Within the listing below, the lines to output run from the one containing "#130=CARTESIAN_POINT('',(422.5,1062.,33.1));" through the one containing "#190=ORIENTED_EDGE('',*,*,#189,.T.);"; copy them exactly and nothing else.

- - - -

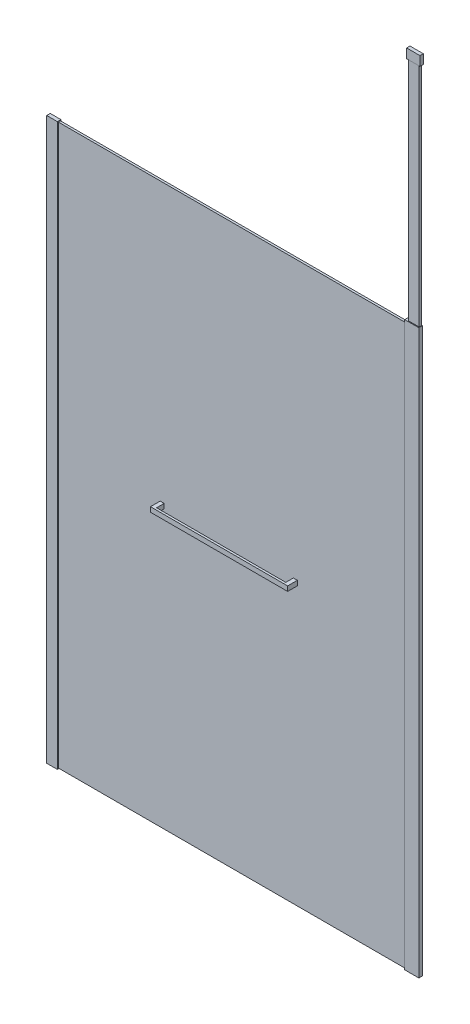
ISO-10303-21;
HEADER;
FILE_DESCRIPTION(('STEP AP214'),'2;1');
FILE_NAME('part.step','',(''),(''),'','','');
FILE_SCHEMA(('AUTOMOTIVE_DESIGN { 1 0 10303 214 1 1 1 1 }'));
ENDSEC;
DATA;
#1=APPLICATION_CONTEXT('core data for automotive mechanical design processes');
#2=APPLICATION_PROTOCOL_DEFINITION('international standard','automotive_design',2000,#1);
#3=PRODUCT_CONTEXT('',#1,'mechanical');
#4=PRODUCT('Part','Part','',(#3));
#5=PRODUCT_RELATED_PRODUCT_CATEGORY('part','',(#4));
#6=PRODUCT_DEFINITION_FORMATION('','',#4);
#7=PRODUCT_DEFINITION_CONTEXT('part definition',#1,'design');
#8=PRODUCT_DEFINITION('design','',#6,#7);
#9=PRODUCT_DEFINITION_SHAPE('','',#8);
#10=(LENGTH_UNIT() NAMED_UNIT(*) SI_UNIT(.MILLI.,.METRE.));
#11=(NAMED_UNIT(*) PLANE_ANGLE_UNIT() SI_UNIT($,.RADIAN.));
#12=(NAMED_UNIT(*) SI_UNIT($,.STERADIAN.) SOLID_ANGLE_UNIT());
#13=UNCERTAINTY_MEASURE_WITH_UNIT(LENGTH_MEASURE(1.E-05),#10,'distance_accuracy_value','');
#14=(GEOMETRIC_REPRESENTATION_CONTEXT(3) GLOBAL_UNCERTAINTY_ASSIGNED_CONTEXT((#13)) GLOBAL_UNIT_ASSIGNED_CONTEXT((#10,
#11,#12)) REPRESENTATION_CONTEXT('',''));
#15=CARTESIAN_POINT('',(0.,0.,0.));
#16=DIRECTION('',(0.,0.,1.));
#17=DIRECTION('',(1.,0.,0.));
#18=AXIS2_PLACEMENT_3D('',#15,#16,#17);
#19=CARTESIAN_POINT('',(437.5,1062.,-21.4));
#20=DIRECTION('',(1.,0.,0.));
#21=DIRECTION('',(0.,0.,-1.));
#22=AXIS2_PLACEMENT_3D('',#19,#20,#21);
#23=PLANE('',#22);
#24=DIRECTION('',(0.,1.,0.));
#25=VECTOR('',#24,1.);
#26=CARTESIAN_POINT('',(437.5,1062.,25.1));
#27=LINE('',#26,#25);
#28=CARTESIAN_POINT('',(437.5,1044.,25.1));
#29=VERTEX_POINT('',#28);
#30=CARTESIAN_POINT('',(437.5,1062.,25.1));
#31=VERTEX_POINT('',#30);
#32=EDGE_CURVE('E63',#29,#31,#27,.T.);
#33=ORIENTED_EDGE('',*,*,#32,.F.);
#34=DIRECTION('',(0.,0.,1.));
#35=VECTOR('',#34,1.);
#36=CARTESIAN_POINT('',(437.5,1044.,-21.4));
#37=LINE('',#36,#35);
#38=CARTESIAN_POINT('',(437.5,1044.,-21.4));
#39=VERTEX_POINT('',#38);
#40=EDGE_CURVE('E12',#39,#29,#37,.T.);
#41=ORIENTED_EDGE('',*,*,#40,.F.);
#42=DIRECTION('',(0.,1.,0.));
#43=VECTOR('',#42,1.);
#44=CARTESIAN_POINT('',(437.5,1062.,-21.4));
#45=LINE('',#44,#43);
#46=CARTESIAN_POINT('',(437.5,1062.,-21.4));
#47=VERTEX_POINT('',#46);
#48=EDGE_CURVE('E193',#39,#47,#45,.T.);
#49=ORIENTED_EDGE('',*,*,#48,.T.);
#50=DIRECTION('',(0.,0.,1.));
#51=VECTOR('',#50,1.);
#52=CARTESIAN_POINT('',(437.5,1062.,-21.4));
#53=LINE('',#52,#51);
#54=EDGE_CURVE('E176',#47,#31,#53,.T.);
#55=ORIENTED_EDGE('',*,*,#54,.T.);
#56=EDGE_LOOP('',(#33,#41,#49,#55));
#57=FACE_BOUND('',#56,.T.);
#58=ADVANCED_FACE('F46',(#57),#23,.T.);
#59=CARTESIAN_POINT('',(422.5,1044.,-21.4));
#60=DIRECTION('',(0.,-1.,0.));
#61=DIRECTION('',(0.,0.,-1.));
#62=AXIS2_PLACEMENT_3D('',#59,#60,#61);
#63=PLANE('',#62);
#64=ORIENTED_EDGE('',*,*,#40,.T.);
#65=DIRECTION('',(-1.,0.,0.));
#66=VECTOR('',#65,1.);
#67=CARTESIAN_POINT('',(942.197715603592,1044.,25.1));
#68=LINE('',#67,#66);
#69=CARTESIAN_POINT('',(922.5,1044.,25.1));
#70=VERTEX_POINT('',#69);
#71=EDGE_CURVE('E166',#70,#29,#68,.T.);
#72=ORIENTED_EDGE('',*,*,#71,.F.);
#73=DIRECTION('',(0.,0.,1.));
#74=VECTOR('',#73,1.);
#75=CARTESIAN_POINT('',(922.5,1044.,-21.4));
#76=LINE('',#75,#74);
#77=CARTESIAN_POINT('',(922.5,1044.,-21.4));
#78=VERTEX_POINT('',#77);
#79=EDGE_CURVE('E149',#78,#70,#76,.T.);
#80=ORIENTED_EDGE('',*,*,#79,.F.);
#81=DIRECTION('',(1.,0.,0.));
#82=VECTOR('',#81,1.);
#83=CARTESIAN_POINT('',(922.5,1044.,-21.4));
#84=LINE('',#83,#82);
#85=CARTESIAN_POINT('',(937.5,1044.,-21.4));
#86=VERTEX_POINT('',#85);
#87=EDGE_CURVE('E131',#78,#86,#84,.T.);
#88=ORIENTED_EDGE('',*,*,#87,.T.);
#89=DIRECTION('',(0.,0.,1.));
#90=VECTOR('',#89,1.);
#91=CARTESIAN_POINT('',(937.5,1044.,-21.4));
#92=LINE('',#91,#90);
#93=CARTESIAN_POINT('',(937.5,1044.,33.1));
#94=VERTEX_POINT('',#93);
#95=EDGE_CURVE('E147',#86,#94,#92,.T.);
#96=ORIENTED_EDGE('',*,*,#95,.T.);
#97=DIRECTION('',(1.,0.,0.));
#98=VECTOR('',#97,1.);
#99=CARTESIAN_POINT('',(422.5,1044.,33.1));
#100=LINE('',#99,#98);
#101=CARTESIAN_POINT('',(422.5,1044.,33.1));
#102=VERTEX_POINT('',#101);
#103=EDGE_CURVE('E135',#102,#94,#100,.T.);
#104=ORIENTED_EDGE('',*,*,#103,.F.);
#105=DIRECTION('',(0.,0.,1.));
#106=VECTOR('',#105,1.);
#107=CARTESIAN_POINT('',(422.5,1044.,-21.4));
#108=LINE('',#107,#106);
#109=CARTESIAN_POINT('',(422.5,1044.,-21.4));
#110=VERTEX_POINT('',#109);
#111=EDGE_CURVE('E55',#110,#102,#108,.T.);
#112=ORIENTED_EDGE('',*,*,#111,.F.);
#113=DIRECTION('',(1.,0.,0.));
#114=VECTOR('',#113,1.);
#115=CARTESIAN_POINT('',(422.5,1044.,-21.4));
#116=LINE('',#115,#114);
#117=EDGE_CURVE('E181',#110,#39,#116,.T.);
#118=ORIENTED_EDGE('',*,*,#117,.T.);
#119=EDGE_LOOP('',(#64,#72,#80,#88,#96,#104,#112,#118));
#120=FACE_BOUND('',#119,.T.);
#121=ADVANCED_FACE('F197',(#120),#63,.T.);
#122=CARTESIAN_POINT('',(422.5,1062.,-21.4));
#123=DIRECTION('',(-1.,0.,0.));
#124=DIRECTION('',(0.,0.,1.));
#125=AXIS2_PLACEMENT_3D('',#122,#123,#124);
#126=PLANE('',#125);
#127=ORIENTED_EDGE('',*,*,#111,.T.);
#128=DIRECTION('',(0.,-1.,0.));
#129=VECTOR('',#128,1.);
#130=CARTESIAN_POINT('',(422.5,1062.,33.1));
#131=LINE('',#130,#129);
#132=CARTESIAN_POINT('',(422.5,1062.,33.1));
#133=VERTEX_POINT('',#132);
#134=EDGE_CURVE('E121',#133,#102,#131,.T.);
#135=ORIENTED_EDGE('',*,*,#134,.F.);
#136=DIRECTION('',(0.,0.,1.));
#137=VECTOR('',#136,1.);
#138=CARTESIAN_POINT('',(422.5,1062.,-21.4));
#139=LINE('',#138,#137);
#140=CARTESIAN_POINT('',(422.5,1062.,-21.4));
#141=VERTEX_POINT('',#140);
#142=EDGE_CURVE('E116',#141,#133,#139,.T.);
#143=ORIENTED_EDGE('',*,*,#142,.F.);
#144=DIRECTION('',(0.,-1.,0.));
#145=VECTOR('',#144,1.);
#146=CARTESIAN_POINT('',(422.5,1062.,-21.4));
#147=LINE('',#146,#145);
#148=EDGE_CURVE('E186',#141,#110,#147,.T.);
#149=ORIENTED_EDGE('',*,*,#148,.T.);
#150=EDGE_LOOP('',(#127,#135,#143,#149));
#151=FACE_BOUND('',#150,.T.);
#152=ADVANCED_FACE('F218',(#151),#126,.T.);
#153=CARTESIAN_POINT('',(422.5,1062.,-21.4));
#154=DIRECTION('',(0.,1.,0.));
#155=DIRECTION('',(0.,0.,1.));
#156=AXIS2_PLACEMENT_3D('',#153,#154,#155);
#157=PLANE('',#156);
#158=ORIENTED_EDGE('',*,*,#142,.T.);
#159=DIRECTION('',(-1.,0.,0.));
#160=VECTOR('',#159,1.);
#161=CARTESIAN_POINT('',(422.5,1062.,33.1));
#162=LINE('',#161,#160);
#163=CARTESIAN_POINT('',(937.5,1062.,33.1));
#164=VERTEX_POINT('',#163);
#165=EDGE_CURVE('E109',#164,#133,#162,.T.);
#166=ORIENTED_EDGE('',*,*,#165,.F.);
#167=DIRECTION('',(0.,0.,1.));
#168=VECTOR('',#167,1.);
#169=CARTESIAN_POINT('',(937.5,1062.,-21.4));
#170=LINE('',#169,#168);
#171=CARTESIAN_POINT('',(937.5,1062.,-21.4));
#172=VERTEX_POINT('',#171);
#173=EDGE_CURVE('E113',#172,#164,#170,.T.);
#174=ORIENTED_EDGE('',*,*,#173,.F.);
#175=DIRECTION('',(-1.,0.,0.));
#176=VECTOR('',#175,1.);
#177=CARTESIAN_POINT('',(922.5,1062.,-21.4));
#178=LINE('',#177,#176);
#179=CARTESIAN_POINT('',(922.5,1062.,-21.4));
#180=VERTEX_POINT('',#179);
#181=EDGE_CURVE('E138',#172,#180,#178,.T.);
#182=ORIENTED_EDGE('',*,*,#181,.T.);
#183=DIRECTION('',(0.,0.,1.));
#184=VECTOR('',#183,1.);
#185=CARTESIAN_POINT('',(922.5,1062.,-21.4));
#186=LINE('',#185,#184);
#187=CARTESIAN_POINT('',(922.5,1062.,25.1));
#188=VERTEX_POINT('',#187);
#189=EDGE_CURVE('E130',#180,#188,#186,.T.);
#190=ORIENTED_EDGE('',*,*,#189,.T.);
#191=DIRECTION('',(-1.,0.,0.));
#192=VECTOR('',#191,1.);
#193=CARTESIAN_POINT('',(942.197715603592,1062.,25.1));
#194=LINE('',#193,#192);
#195=EDGE_CURVE('E163',#188,#31,#194,.T.);
#196=ORIENTED_EDGE('',*,*,#195,.T.);
#197=ORIENTED_EDGE('',*,*,#54,.F.);
#198=DIRECTION('',(-1.,0.,0.));
#199=VECTOR('',#198,1.);
#200=CARTESIAN_POINT('',(422.5,1062.,-21.4));
#201=LINE('',#200,#199);
#202=EDGE_CURVE('E190',#47,#141,#201,.T.);
#203=ORIENTED_EDGE('',*,*,#202,.T.);
#204=EDGE_LOOP('',(#158,#166,#174,#182,#190,#196,#197,#203));
#205=FACE_BOUND('',#204,.T.);
#206=ADVANCED_FACE('F111',(#205),#157,.T.);
#207=CARTESIAN_POINT('',(437.5,1044.,-21.4));
#208=DIRECTION('',(0.,0.,1.));
#209=DIRECTION('',(1.,0.,0.));
#210=AXIS2_PLACEMENT_3D('',#207,#208,#209);
#211=PLANE('',#210);
#212=ORIENTED_EDGE('',*,*,#48,.F.);
#213=ORIENTED_EDGE('',*,*,#117,.F.);
#214=ORIENTED_EDGE('',*,*,#148,.F.);
#215=ORIENTED_EDGE('',*,*,#202,.F.);
#216=EDGE_LOOP('',(#212,#213,#214,#215));
#217=FACE_BOUND('',#216,.T.);
#218=ADVANCED_FACE('F225',(#217),#211,.F.);
#219=CARTESIAN_POINT('',(437.5,1044.,33.1));
#220=DIRECTION('',(0.,0.,1.));
#221=DIRECTION('',(1.,0.,0.));
#222=AXIS2_PLACEMENT_3D('',#219,#220,#221);
#223=PLANE('',#222);
#224=ORIENTED_EDGE('',*,*,#103,.T.);
#225=DIRECTION('',(0.,1.,0.));
#226=VECTOR('',#225,1.);
#227=CARTESIAN_POINT('',(937.5,1062.,33.1));
#228=LINE('',#227,#226);
#229=EDGE_CURVE('E127',#94,#164,#228,.T.);
#230=ORIENTED_EDGE('',*,*,#229,.T.);
#231=ORIENTED_EDGE('',*,*,#165,.T.);
#232=ORIENTED_EDGE('',*,*,#134,.T.);
#233=EDGE_LOOP('',(#224,#230,#231,#232));
#234=FACE_BOUND('',#233,.T.);
#235=ADVANCED_FACE('F133',(#234),#223,.T.);
#236=CARTESIAN_POINT('',(942.197715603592,1062.,25.1));
#237=DIRECTION('',(0.,0.,1.));
#238=DIRECTION('',(1.,0.,0.));
#239=AXIS2_PLACEMENT_3D('',#236,#237,#238);
#240=PLANE('',#239);
#241=ORIENTED_EDGE('',*,*,#195,.F.);
#242=DIRECTION('',(0.,-1.,0.));
#243=VECTOR('',#242,1.);
#244=CARTESIAN_POINT('',(922.5,1062.,25.1));
#245=LINE('',#244,#243);
#246=EDGE_CURVE('E49',#188,#70,#245,.T.);
#247=ORIENTED_EDGE('',*,*,#246,.T.);
#248=ORIENTED_EDGE('',*,*,#71,.T.);
#249=ORIENTED_EDGE('',*,*,#32,.T.);
#250=EDGE_LOOP('',(#241,#247,#248,#249));
#251=FACE_BOUND('',#250,.T.);
#252=ADVANCED_FACE('F203',(#251),#240,.F.);
#253=CARTESIAN_POINT('',(922.5,1062.,-21.4));
#254=DIRECTION('',(-1.,0.,0.));
#255=DIRECTION('',(0.,0.,1.));
#256=AXIS2_PLACEMENT_3D('',#253,#254,#255);
#257=PLANE('',#256);
#258=ORIENTED_EDGE('',*,*,#246,.F.);
#259=ORIENTED_EDGE('',*,*,#189,.F.);
#260=DIRECTION('',(0.,-1.,0.));
#261=VECTOR('',#260,1.);
#262=CARTESIAN_POINT('',(922.5,1062.,-21.4));
#263=LINE('',#262,#261);
#264=EDGE_CURVE('E142',#180,#78,#263,.T.);
#265=ORIENTED_EDGE('',*,*,#264,.T.);
#266=ORIENTED_EDGE('',*,*,#79,.T.);
#267=EDGE_LOOP('',(#258,#259,#265,#266));
#268=FACE_BOUND('',#267,.T.);
#269=ADVANCED_FACE('F204',(#268),#257,.T.);
#270=CARTESIAN_POINT('',(937.5,1062.,-21.4));
#271=DIRECTION('',(1.,0.,0.));
#272=DIRECTION('',(0.,0.,-1.));
#273=AXIS2_PLACEMENT_3D('',#270,#271,#272);
#274=PLANE('',#273);
#275=ORIENTED_EDGE('',*,*,#173,.T.);
#276=ORIENTED_EDGE('',*,*,#229,.F.);
#277=ORIENTED_EDGE('',*,*,#95,.F.);
#278=DIRECTION('',(0.,1.,0.));
#279=VECTOR('',#278,1.);
#280=CARTESIAN_POINT('',(937.5,1062.,-21.4));
#281=LINE('',#280,#279);
#282=EDGE_CURVE('E129',#86,#172,#281,.T.);
#283=ORIENTED_EDGE('',*,*,#282,.T.);
#284=EDGE_LOOP('',(#275,#276,#277,#283));
#285=FACE_BOUND('',#284,.T.);
#286=ADVANCED_FACE('F126',(#285),#274,.T.);
#287=CARTESIAN_POINT('',(937.5,1044.,-21.4));
#288=DIRECTION('',(0.,0.,1.));
#289=DIRECTION('',(1.,0.,0.));
#290=AXIS2_PLACEMENT_3D('',#287,#288,#289);
#291=PLANE('',#290);
#292=ORIENTED_EDGE('',*,*,#282,.F.);
#293=ORIENTED_EDGE('',*,*,#87,.F.);
#294=ORIENTED_EDGE('',*,*,#264,.F.);
#295=ORIENTED_EDGE('',*,*,#181,.F.);
#296=EDGE_LOOP('',(#292,#293,#294,#295));
#297=FACE_BOUND('',#296,.T.);
#298=ADVANCED_FACE('F200',(#297),#291,.F.);
#299=CLOSED_SHELL('',(#58,#121,#152,#206,#218,#235,#252,#269,#286,#298));
#300=MANIFOLD_SOLID_BREP('B2',#299);
#301=CARTESIAN_POINT('',(1349.9,3000.,-1.15000000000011));
#302=DIRECTION('',(1.,0.,0.));
#303=DIRECTION('',(0.,1.,0.));
#304=AXIS2_PLACEMENT_3D('',#301,#302,#303);
#305=PLANE('',#304);
#306=DIRECTION('',(0.,0.,1.));
#307=VECTOR('',#306,1.);
#308=CARTESIAN_POINT('',(1349.9,2965.,-1.1500000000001));
#309=LINE('',#308,#307);
#310=CARTESIAN_POINT('',(1349.9,2965.,-13.6500000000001));
#311=VERTEX_POINT('',#310);
#312=CARTESIAN_POINT('',(1349.9,2965.,-1.1500000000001));
#313=VERTEX_POINT('',#312);
#314=EDGE_CURVE('E406',#311,#313,#309,.T.);
#315=ORIENTED_EDGE('',*,*,#314,.T.);
#316=DIRECTION('',(0.,-1.,0.));
#317=VECTOR('',#316,1.);
#318=CARTESIAN_POINT('',(1349.9,3000.,-1.15000000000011));
#319=LINE('',#318,#317);
#320=CARTESIAN_POINT('',(1349.9,3000.,-1.15000000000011));
#321=VERTEX_POINT('',#320);
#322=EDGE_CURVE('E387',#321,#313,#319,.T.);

- - - -

• _Task output_:
#130=CARTESIAN_POINT('',(422.5,1062.,33.1));
#131=LINE('',#130,#129);
#132=CARTESIAN_POINT('',(422.5,1062.,33.1));
#133=VERTEX_POINT('',#132);
#134=EDGE_CURVE('E121',#133,#102,#131,.T.);
#135=ORIENTED_EDGE('',*,*,#134,.F.);
#136=DIRECTION('',(0.,0.,1.));
#137=VECTOR('',#136,1.);
#138=CARTESIAN_POINT('',(422.5,1062.,-21.4));
#139=LINE('',#138,#137);
#140=CARTESIAN_POINT('',(422.5,1062.,-21.4));
#141=VERTEX_POINT('',#140);
#142=EDGE_CURVE('E116',#141,#133,#139,.T.);
#143=ORIENTED_EDGE('',*,*,#142,.F.);
#144=DIRECTION('',(0.,-1.,0.));
#145=VECTOR('',#144,1.);
#146=CARTESIAN_POINT('',(422.5,1062.,-21.4));
#147=LINE('',#146,#145);
#148=EDGE_CURVE('E186',#141,#110,#147,.T.);
#149=ORIENTED_EDGE('',*,*,#148,.T.);
#150=EDGE_LOOP('',(#127,#135,#143,#149));
#151=FACE_BOUND('',#150,.T.);
#152=ADVANCED_FACE('F218',(#151),#126,.T.);
#153=CARTESIAN_POINT('',(422.5,1062.,-21.4));
#154=DIRECTION('',(0.,1.,0.));
#155=DIRECTION('',(0.,0.,1.));
#156=AXIS2_PLACEMENT_3D('',#153,#154,#155);
#157=PLANE('',#156);
#158=ORIENTED_EDGE('',*,*,#142,.T.);
#159=DIRECTION('',(-1.,0.,0.));
#160=VECTOR('',#159,1.);
#161=CARTESIAN_POINT('',(422.5,1062.,33.1));
#162=LINE('',#161,#160);
#163=CARTESIAN_POINT('',(937.5,1062.,33.1));
#164=VERTEX_POINT('',#163);
#165=EDGE_CURVE('E109',#164,#133,#162,.T.);
#166=ORIENTED_EDGE('',*,*,#165,.F.);
#167=DIRECTION('',(0.,0.,1.));
#168=VECTOR('',#167,1.);
#169=CARTESIAN_POINT('',(937.5,1062.,-21.4));
#170=LINE('',#169,#168);
#171=CARTESIAN_POINT('',(937.5,1062.,-21.4));
#172=VERTEX_POINT('',#171);
#173=EDGE_CURVE('E113',#172,#164,#170,.T.);
#174=ORIENTED_EDGE('',*,*,#173,.F.);
#175=DIRECTION('',(-1.,0.,0.));
#176=VECTOR('',#175,1.);
#177=CARTESIAN_POINT('',(922.5,1062.,-21.4));
#178=LINE('',#177,#176);
#179=CARTESIAN_POINT('',(922.5,1062.,-21.4));
#180=VERTEX_POINT('',#179);
#181=EDGE_CURVE('E138',#172,#180,#178,.T.);
#182=ORIENTED_EDGE('',*,*,#181,.T.);
#183=DIRECTION('',(0.,0.,1.));
#184=VECTOR('',#183,1.);
#185=CARTESIAN_POINT('',(922.5,1062.,-21.4));
#186=LINE('',#185,#184);
#187=CARTESIAN_POINT('',(922.5,1062.,25.1));
#188=VERTEX_POINT('',#187);
#189=EDGE_CURVE('E130',#180,#188,#186,.T.);
#190=ORIENTED_EDGE('',*,*,#189,.T.);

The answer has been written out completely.